En septième lieu, aux termes de l’article L. 612-6 du code de l’entrée et du séjour des étrangers et du droit d’asile : « Lorsqu’aucun délai de départ volontaire n’a été accordé à l’étranger, l’autorité administrative assortit la décision portant obligation de quitter le territoire français d’une interdiction de retour sur le territoire français. Des circonstances humanitaires peuvent toutefois justifier que l’autorité administrative n’édicte pas d’interdiction de retour (…) ». L’article L. 612-10 du même code dispose que : « Pour fixer la durée des interdictions de retour (…), l’autorité administrative tient compte de la durée de présence de l’étranger sur le territoire français, de la nature et de l’ancienneté de ses liens avec la France, de la circonstance qu’il a déjà fait l’objet ou non d’une mesure d’éloignement et de la menace pour l’ordre public que représente sa présence sur le territoire français. (…) ».

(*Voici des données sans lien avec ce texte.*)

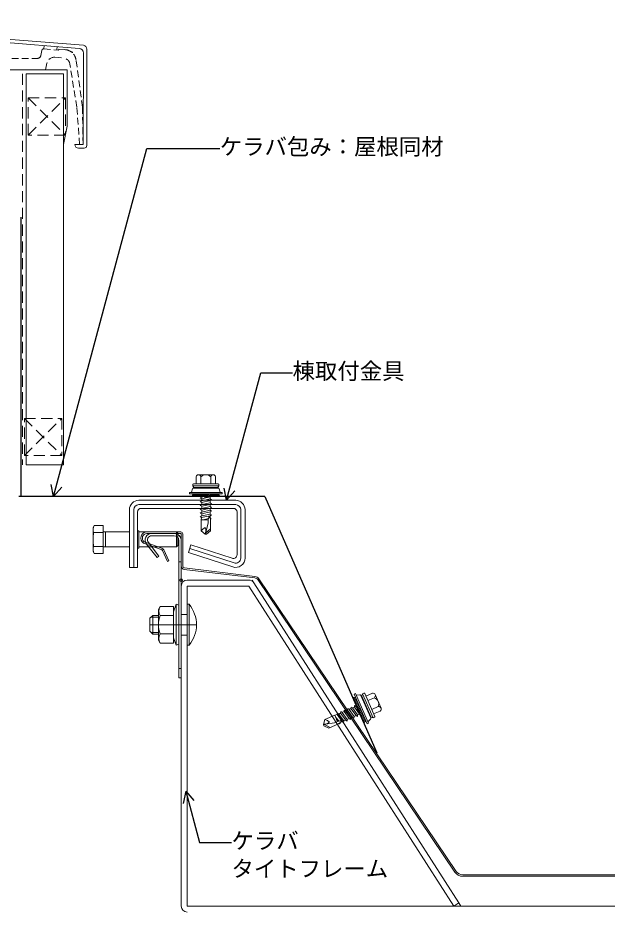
# Model space of a CAD drawing. Units: millimetres at full size, sheet at 1:3; details may follow other scales. Extents: x -1262 to 3778, y -891 to 1036.
# Drawn here: x 1748.6 to 2064.7, y 162.7 to 642.2 of the extents above; entities that cross this region are included whole.
import ezdxf
from ezdxf.enums import TextEntityAlignment as Align

# ---------------------------------------------------------------- set-up
doc = ezdxf.new("R2010")
doc.units = ezdxf.units.MM
doc.header["$LTSCALE"] = 3
doc.header["$PDMODE"] = 32
doc.header["$PDSIZE"] = 1.5
for name, pattern in [('CHAIN2', [12, 9, -1, 1, -1]), ('DASHED1', [1.8, 1.2, -0.6]), ('DASHED2', [3, 2, -1])]:
    doc.linetypes.add(name, pattern=pattern)
for name, color, linetype, lineweight in [('0-6_名称1', 5, 'Continuous', 25), ('0-C_屋根2', 3, 'Continuous', 9), ('1-1_水切1', 134, 'Continuous', 30), ('1-5_捨て笠木', 3, 'Continuous', 9), ('2-7_ビス1', 7, 'Continuous', 5), ('2-A_タイトフレーム', 3, 'Continuous', 9), ('2-F_I金具', 7, 'Continuous', 5), ('3-0_吊子', 7, 'Continuous', 5), ('3-1_面戸', 7, 'DASHED2', 5), ('3-D_防水シート', 3, 'DASHED2', 9), ('4-A_笠木（別途）', 2, 'DASHED1', 18), ('4-B_外壁（別途1）', 2, 'Continuous', 18)]:
    doc.layers.add(name, color=color, linetype=linetype, lineweight=lineweight)
doc.styles.add('ＭＳ ゴシック', font='')
doc.styles.get('ＭＳ ゴシック').set_extended_font_data('MS Gothic')

msp = doc.modelspace()

# ---------------------------------------------------------------- linework, layer by layer
at = {"layer": '0-6_名称1'}
for p, q in [((1767.783, 385.211), (1766.438, 391.783)), ((1767.783, 385.211), (1772.234, 390.23)), ((1860.602, 383.211), (1859.257, 389.783)), ((1860.602, 383.211), (1865.053, 388.23)), ((1838.647, 227.114), (1837.302, 220.542)), ((1838.647, 227.114), (1843.098, 222.095))]:
    msp.add_line(p, q, dxfattribs=at)
for points in [[(1767.783, 385.211), (1817.843, 572.035), (1856.956, 572.035)], [(1860.602, 383.211), (1878.914, 451.552), (1895.987, 451.552)], [(1838.647, 227.114), (1846.057, 199.461), (1863.21, 199.461)]]:
    msp.add_lwpolyline(points, dxfattribs=at)
at = {"layer": '0-C_屋根2'}
for p, q in [((1836.047, 366.211), (1817.847, 366.211)), ((1836.047, 365.411), (1817.847, 365.411)), ((1836.247, 347.929), (1836.247, 365.211)), ((1837.047, 347.929), (1837.047, 365.211)), ((1825.559, 356.806), (1816.01, 360.282)), ((1816.386, 360.997), (1825.833, 357.558)), ((1826.849, 356.627), (1829.632, 350.659)), ((1875.689, 341.581), (1837.832, 346.142)), ((1875.785, 342.375), (1837.927, 346.936)), ((1877.25, 340.626), (1983.061, 183.617)), ((1877.914, 341.073), (1983.724, 184.064)), ((1987.198, 182.211), (2184.361, 182.211)), ((1987.197, 181.411), (2184.361, 181.411))]:
    msp.add_line(p, q, dxfattribs=at)
msp.add_lwpolyline([(1826.124, 356.289), (1828.907, 350.321), (1829.632, 350.659)], dxfattribs=at)
for centre, radius, start, end in [((1817.847, 362.962), 3.249, 90, 235.57982), ((1817.847, 362.962), 2.449, 90.00009, 233.37631), ((1836.047, 365.211), 1, 0, 90), ((1836.047, 365.211), 0.2, 0, 90), ((1825.217, 355.867), 1, 25, 70), ((1825.217, 355.867), 1.8, 25, 70), ((1838.047, 347.929), 1.8, 180, 263.13001), ((1838.047, 347.929), 1, 180, 263.13001), ((1875.426, 339.397), 2.2, 33.97654, 83.13001), ((1875.426, 339.397), 3, 33.97654, 83.13001), ((1987.207, 186.411), 5, 213.97654, 270.11492), ((1987.207, 186.411), 4.2, 213.97654, 270.11492)]:
    msp.add_arc(centre, radius, start, end, dxfattribs=at)
at = {"layer": '1-1_水切1'}
for p, q in [((1750.147, 535.211), (1750.147, 385.211)), ((1881.168, 385.211), (1749.147, 385.211)), ((1881.168, 385.211), (1941.098, 247.704))]:
    msp.add_line(p, q, dxfattribs=at)
at = {"layer": '1-5_捨て笠木'}
msp.add_lwpolyline([(1773.147, 574.211), (1775.147, 584.009), (1775.147, 614.211), (1597.147, 614.211), (1597.147, 584.009), (1599.147, 574.211)], dxfattribs=at)
at = {"layer": '2-7_ビス1'}
for p, q in [((1844.203, 395.853), (1844.203, 392.011)), ((1853.39, 396.911), (1845.516, 396.911)), ((1846.828, 395.853), (1846.828, 392.011)), ((1852.078, 395.853), (1852.078, 392.011)), ((1854.703, 395.853), (1854.703, 392.011)), ((1842.308, 389.364), (1841.768, 387.654)), ((1842.446, 390.903), (1842.446, 391.693)), ((1842.446, 390.903), (1856.459, 390.903)), ((1843.099, 390.125), (1842.446, 390.903)), ((1842.765, 392.011), (1856.141, 392.011)), ((1856.03, 389.771), (1842.876, 389.771)), ((1855.563, 390.011), (1843.343, 390.011)), ((1847.224, 390.011), (1847.224, 389.771)), ((1851.682, 390.011), (1851.682, 389.771)), ((1855.807, 390.125), (1856.459, 390.903)), ((1856.459, 390.903), (1856.459, 391.693)), ((1856.598, 389.364), (1857.138, 387.654)), ((1840.753, 387.491), (1840.753, 386.651)), ((1858.153, 387.491), (1840.753, 387.491)), ((1842.424, 386.651), (1842.064, 385.211)), ((1842.064, 385.211), (1856.841, 385.211)), ((1842.859, 385.211), (1842.223, 385.847)), ((1843.759, 385.211), (1842.403, 386.567)), ((1843.22, 386.651), (1844.66, 385.211)), ((1844.121, 386.651), (1845.561, 385.211)), ((1845.022, 386.651), (1846.462, 385.211)), ((1845.923, 386.651), (1847.363, 385.211)), ((1846.453, 384.488), (1847.224, 384.933)), ((1846.453, 384.488), (1847.224, 384.044)), ((1846.823, 386.651), (1848.263, 385.211)), ((1847.224, 384.933), (1847.224, 385.211)), ((1847.224, 384.933), (1848.449, 385.211)), ((1847.224, 384.044), (1851.682, 385.055)), ((1847.224, 384.044), (1847.224, 382.911)), ((1847.224, 382.911), (1851.682, 383.922)), ((1847.724, 386.651), (1849.164, 385.211)), ((1848.625, 386.651), (1850.065, 385.211)), ((1849.526, 386.651), (1850.966, 385.211)), ((1850.426, 386.651), (1851.866, 385.211)), ((1851.327, 386.651), (1852.767, 385.211)), ((1851.682, 385.055), (1851.953, 385.211)), ((1851.682, 385.055), (1851.682, 383.922)), ((1852.453, 383.477), (1851.682, 383.922)), ((1852.228, 386.651), (1853.668, 385.211)), ((1853.129, 386.651), (1854.569, 385.211)), ((1854.03, 386.651), (1855.47, 385.211)), ((1854.93, 386.651), (1856.37, 385.211)), ((1855.831, 386.651), (1856.698, 385.784)), ((1856.481, 386.651), (1856.841, 385.211)), ((1846.453, 382.466), (1847.224, 382.911)), ((1846.453, 382.466), (1847.224, 382.021)), ((1846.453, 380.444), (1847.224, 380.889)), ((1846.453, 378.421), (1847.224, 378.866)), ((1847.224, 382.021), (1851.682, 383.032)), ((1847.224, 382.021), (1847.224, 380.889)), ((1847.224, 380.889), (1851.682, 381.9)), ((1847.224, 378.866), (1851.682, 379.878)), ((1852.453, 383.477), (1851.682, 383.032)), ((1851.682, 383.032), (1851.682, 381.9)), ((1852.453, 381.455), (1851.682, 381.9)), ((1852.453, 381.455), (1851.682, 381.01)), ((1852.453, 379.433), (1851.682, 379.878)), ((1852.453, 379.433), (1851.682, 378.988)), ((1846.453, 376.399), (1847.224, 376.844)), ((1846.453, 376.399), (1847.224, 375.954)), ((1846.453, 374.377), (1847.224, 374.822)), ((1846.453, 374.377), (1847.139, 373.981)), ((1846.905, 372.655), (1847.139, 373.981)), ((1847.139, 373.981), (1851.682, 374.943)), ((1847.224, 376.844), (1851.682, 377.855)), ((1847.224, 375.954), (1851.682, 376.965)), ((1847.224, 375.954), (1847.224, 374.822)), ((1847.224, 374.822), (1851.682, 375.833)), ((1852.453, 377.41), (1851.682, 377.855)), ((1852.453, 377.41), (1851.682, 376.965)), ((1851.682, 376.965), (1851.682, 375.833)), ((1852.453, 375.388), (1851.682, 375.833)), ((1852.453, 375.388), (1851.682, 374.943)), ((1851.682, 374.943), (1851.682, 374.46)), ((1851.81, 373.737), (1851.682, 374.46)), ((1846.905, 372.655), (1846.905, 366.882)), ((1846.905, 372.655), (1850.708, 372.655)), ((1850.842, 373.456), (1848.077, 372.655)), ((1849.453, 372.655), (1850.74, 372.867)), ((1850.708, 370.883), (1849.454, 366.203)), ((1850.708, 372.655), (1850.708, 370.882)), ((1851.81, 373.737), (1851.744, 373.718)), ((1851.81, 373.737), (1852.186, 373.52)), ((1851.912, 373.06), (1851.929, 373.063)), ((1851.929, 373.063), (1852.186, 373.212)), ((1852.001, 372.655), (1851.929, 373.063)), ((1852.001, 372.655), (1852.001, 366.882)), ((1852.186, 373.52), (1852.186, 373.212)), ((1846.905, 366.882), (1849.134, 365.011)), ((1849.771, 365.011), (1849.134, 365.011)), ((1849.276, 365.54), (1852.001, 367.826)), ((1852.001, 366.882), (1849.771, 365.011)), ((1929.724, 279.508), (1928.954, 279.172)), ((1936.676, 263.557), (1929.724, 279.508)), ((1932.062, 278.83), (1930.279, 278.642)), ((1937.918, 266.414), (1932.663, 278.472)), ((1937.951, 266.938), (1933.069, 278.14)), ((1933.076, 278.409), (1933.528, 279.318)), ((1933.528, 279.318), (1934.252, 279.634)), ((1933.528, 279.318), (1939.127, 266.473)), ((1934.672, 279.469), (1940.016, 267.207)), ((1938.768, 279.686), (1935.246, 278.151)), ((1943.409, 271.686), (1940.262, 278.906)), ((1929.622, 277.64), (1928.158, 277.395)), ((1928.158, 277.395), (1934.062, 263.848)), ((1928.475, 276.667), (1928.804, 277.503)), ((1928.835, 275.841), (1929.536, 277.626)), ((1929.94, 276.91), (1929.195, 275.015)), ((1930.3, 276.085), (1929.555, 274.189)), ((1930.66, 275.259), (1929.915, 273.364)), ((1931.019, 274.433), (1930.275, 272.538)), ((1931.379, 273.607), (1930.635, 271.712)), ((1934.619, 274.583), (1934.399, 274.487)), ((1939.817, 277.28), (1936.295, 275.745)), ((1919.979, 269.043), (1919.89, 268.256)), ((1919.979, 269.043), (1920.695, 268.514)), ((1921.733, 268.967), (1920.695, 268.514)), ((1920.695, 268.514), (1923.403, 264.831)), ((1921.833, 269.851), (1921.733, 268.967)), ((1921.733, 268.967), (1924.441, 265.283)), ((1921.833, 269.851), (1922.549, 269.322)), ((1922.549, 269.322), (1925.257, 265.639)), ((1923.687, 270.659), (1924.403, 270.13)), ((1924.403, 270.13), (1927.111, 266.447)), ((1925.541, 271.467), (1926.257, 270.938)), ((1927.295, 271.391), (1926.257, 270.938)), ((1926.257, 270.938), (1928.965, 267.255)), ((1927.395, 272.275), (1927.295, 271.391)), ((1927.295, 271.391), (1930.003, 267.707)), ((1927.395, 272.275), (1928.111, 271.746)), ((1929.149, 272.199), (1928.111, 271.746)), ((1928.111, 271.746), (1930.819, 268.063)), ((1929.249, 273.083), (1929.149, 272.199)), ((1929.149, 272.199), (1931.857, 268.515)), ((1929.249, 273.083), (1929.964, 272.554)), ((1929.964, 272.554), (1930.219, 272.665)), ((1929.964, 272.554), (1930.709, 271.542)), ((1931.857, 268.515), (1930.819, 268.063)), ((1931.739, 272.782), (1930.995, 270.886)), ((1932.099, 271.956), (1931.354, 270.06)), ((1932.459, 271.13), (1931.714, 269.235)), ((1931.857, 268.515), (1932.109, 268.329)), ((1932.819, 270.304), (1932.074, 268.409)), ((1933.179, 269.479), (1932.434, 267.583)), ((1933.539, 268.653), (1932.794, 266.757)), ((1936.401, 270.496), (1936.181, 270.4)), ((1941.914, 272.467), (1938.392, 270.932)), ((1942.963, 270.06), (1939.441, 268.525)), ((1913.289, 265.634), (1912.465, 262.843)), ((1918.581, 267.94), (1913.289, 265.634)), ((1918.476, 263.746), (1913.686, 263.026)), ((1920.1, 264.454), (1918.476, 263.746)), ((1918.581, 267.94), (1919.89, 268.256)), ((1918.581, 267.94), (1920.1, 264.454)), ((1920.889, 264.651), (1919.049, 266.866)), ((1919.599, 265.605), (1920.308, 264.509)), ((1919.89, 268.256), (1922.588, 264.475)), ((1921.533, 263.877), (1921.484, 263.445)), ((1921.533, 263.877), (1921.49, 263.929)), ((1921.533, 263.877), (1922.145, 264.283)), ((1922.588, 264.475), (1922.145, 264.283)), ((1923.303, 263.947), (1922.588, 264.475)), ((1923.303, 263.947), (1923.403, 264.831)), ((1924.441, 265.283), (1923.403, 264.831)), ((1925.157, 264.755), (1924.441, 265.283)), ((1925.157, 264.755), (1925.257, 265.639)), ((1927.011, 265.563), (1926.295, 266.091)), ((1927.011, 265.563), (1927.111, 266.447)), ((1928.865, 266.37), (1928.149, 266.899)), ((1928.865, 266.37), (1928.965, 267.255)), ((1930.003, 267.707), (1928.965, 267.255)), ((1930.719, 267.179), (1930.003, 267.707)), ((1930.719, 267.179), (1930.819, 268.063)), ((1933.899, 267.827), (1933.154, 265.932)), ((1934.258, 267.001), (1933.514, 265.106)), ((1934.618, 266.176), (1933.874, 264.28)), ((1935.238, 264.754), (1934.062, 263.848)), ((1934.978, 265.35), (1934.53, 264.208)), ((1937.772, 265.731), (1936.42, 264.553)), ((1938.153, 266.76), (1939.127, 266.473)), ((1939.127, 266.473), (1939.851, 266.788)), ((1912.719, 262.259), (1912.465, 262.843)), ((1915.325, 260.963), (1912.719, 262.259)), ((1913.006, 262.924), (1916.19, 261.34)), ((1920.617, 263.269), (1915.325, 260.963)), ((1920.617, 263.269), (1920.963, 263.498)), ((1920.954, 263.512), (1920.963, 263.498)), ((1920.963, 263.498), (1921.202, 263.322)), ((1921.484, 263.445), (1921.202, 263.322))]:
    msp.add_line(p, q, dxfattribs=at)
for points in [[(1858.153, 387.491), (1858.153, 386.651), (1840.753, 386.651)], [(1846.453, 380.444), (1847.224, 379.999), (1847.224, 378.866)], [(1847.224, 379.999), (1851.682, 381.01), (1851.682, 379.878)], [(1847.224, 377.977), (1851.682, 378.988), (1851.682, 377.855)], [(1846.453, 378.421), (1847.224, 377.977), (1847.224, 376.844)], [(1852.001, 372.655), (1851.813, 373.47), (1851.628, 374.08), (1851.449, 374.46), (1851.281, 374.586), (1851.127, 374.448), (1850.982, 374.066), (1850.843, 373.461), (1850.708, 372.655)], [(1846.905, 366.882), (1847.274, 367.194), (1847.667, 367.533), (1848.063, 367.864), (1848.441, 368.153), (1848.778, 368.365), (1849.051, 368.467), (1849.241, 368.425), (1849.349, 368.18), (1849.413, 367.744), (1849.445, 367.208), (1849.455, 366.664), (1849.454, 366.203)], [(1849.453, 365.011), (1849.392, 365.143), (1849.338, 365.275), (1849.297, 365.407), (1849.276, 365.54), (1849.285, 365.705), (1849.324, 365.87), (1849.384, 366.037), (1849.454, 366.203)], [(1936.676, 263.557), (1935.906, 263.221), (1928.954, 279.172)], [(1923.687, 270.659), (1923.587, 269.775), (1922.549, 269.322)], [(1923.587, 269.775), (1926.295, 266.091), (1925.257, 265.639)], [(1925.541, 271.467), (1925.441, 270.583), (1924.403, 270.13)], [(1925.441, 270.583), (1928.149, 266.899), (1927.111, 266.447)], [(1913.289, 265.634), (1913.723, 265.421), (1914.19, 265.195), (1914.652, 264.964), (1915.068, 264.734), (1915.397, 264.51), (1915.6, 264.3), (1915.637, 264.109), (1915.455, 263.912), (1915.081, 263.679), (1914.603, 263.436), (1914.109, 263.209), (1913.686, 263.026)], [(1920.617, 263.269), (1921.289, 263.767), (1921.775, 264.18), (1922.051, 264.496), (1922.1, 264.7), (1921.911, 264.787), (1921.504, 264.767), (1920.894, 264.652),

D’une part, M. A…, qui ne bénéficie pas d’un délai de départ volontaire, ne justifie d’aucune circonstance humanitaire faisant obstacle au prononcé d’une interdiction de retour sur le territoire français. D’autre part, il résulte de ce qui précède que le risque de soustraction et la menace à l’ordre public sont caractérisés. Ainsi, M. A… n’est en tout état de cause pas fondé à soutenir que l’interdiction de retour méconnait les dispositions précitées du CESEDA.
Enfin, il résulte de ce qui précède que M. A… n’est pas fondé à soutenir que la décision portant interdiction de retour sur le territoire français doit être annulée par voie de conséquence de l’illégalité de la décision de refus de délai de départ volontaire.
Il résulte de tout ce qui précède que la requête d’appel de M. A… est manifestement dépourvue de fondement et peut être rejetée, selon la procédure prévue au dernier alinéa de l’article R. 222-1 du code de justice administrative, y compris ses conclusions à fin d’injonction sous astreinte, et celles présentées au titre des articles 37 de la loi du 10 juillet 1991 et L. 761-1 du code de justice administrative.
O R D O N N E :
Article 1er : La requête de M. A… est rejetée.
Article 2 : La présente ordonnance sera notifiée à M. B… A….
Fait à Versailles, le 20 janvier 2026.
Le magistrat désigné,
G. Camenen
La République mande et ordonne au ministre de l’intérieur en ce qui le concerne ou à tous commissaires de justice à ce requis en ce qui concerne les voies de droit commun, contre les parties privées, de pourvoir à l’exécution de la présente décision.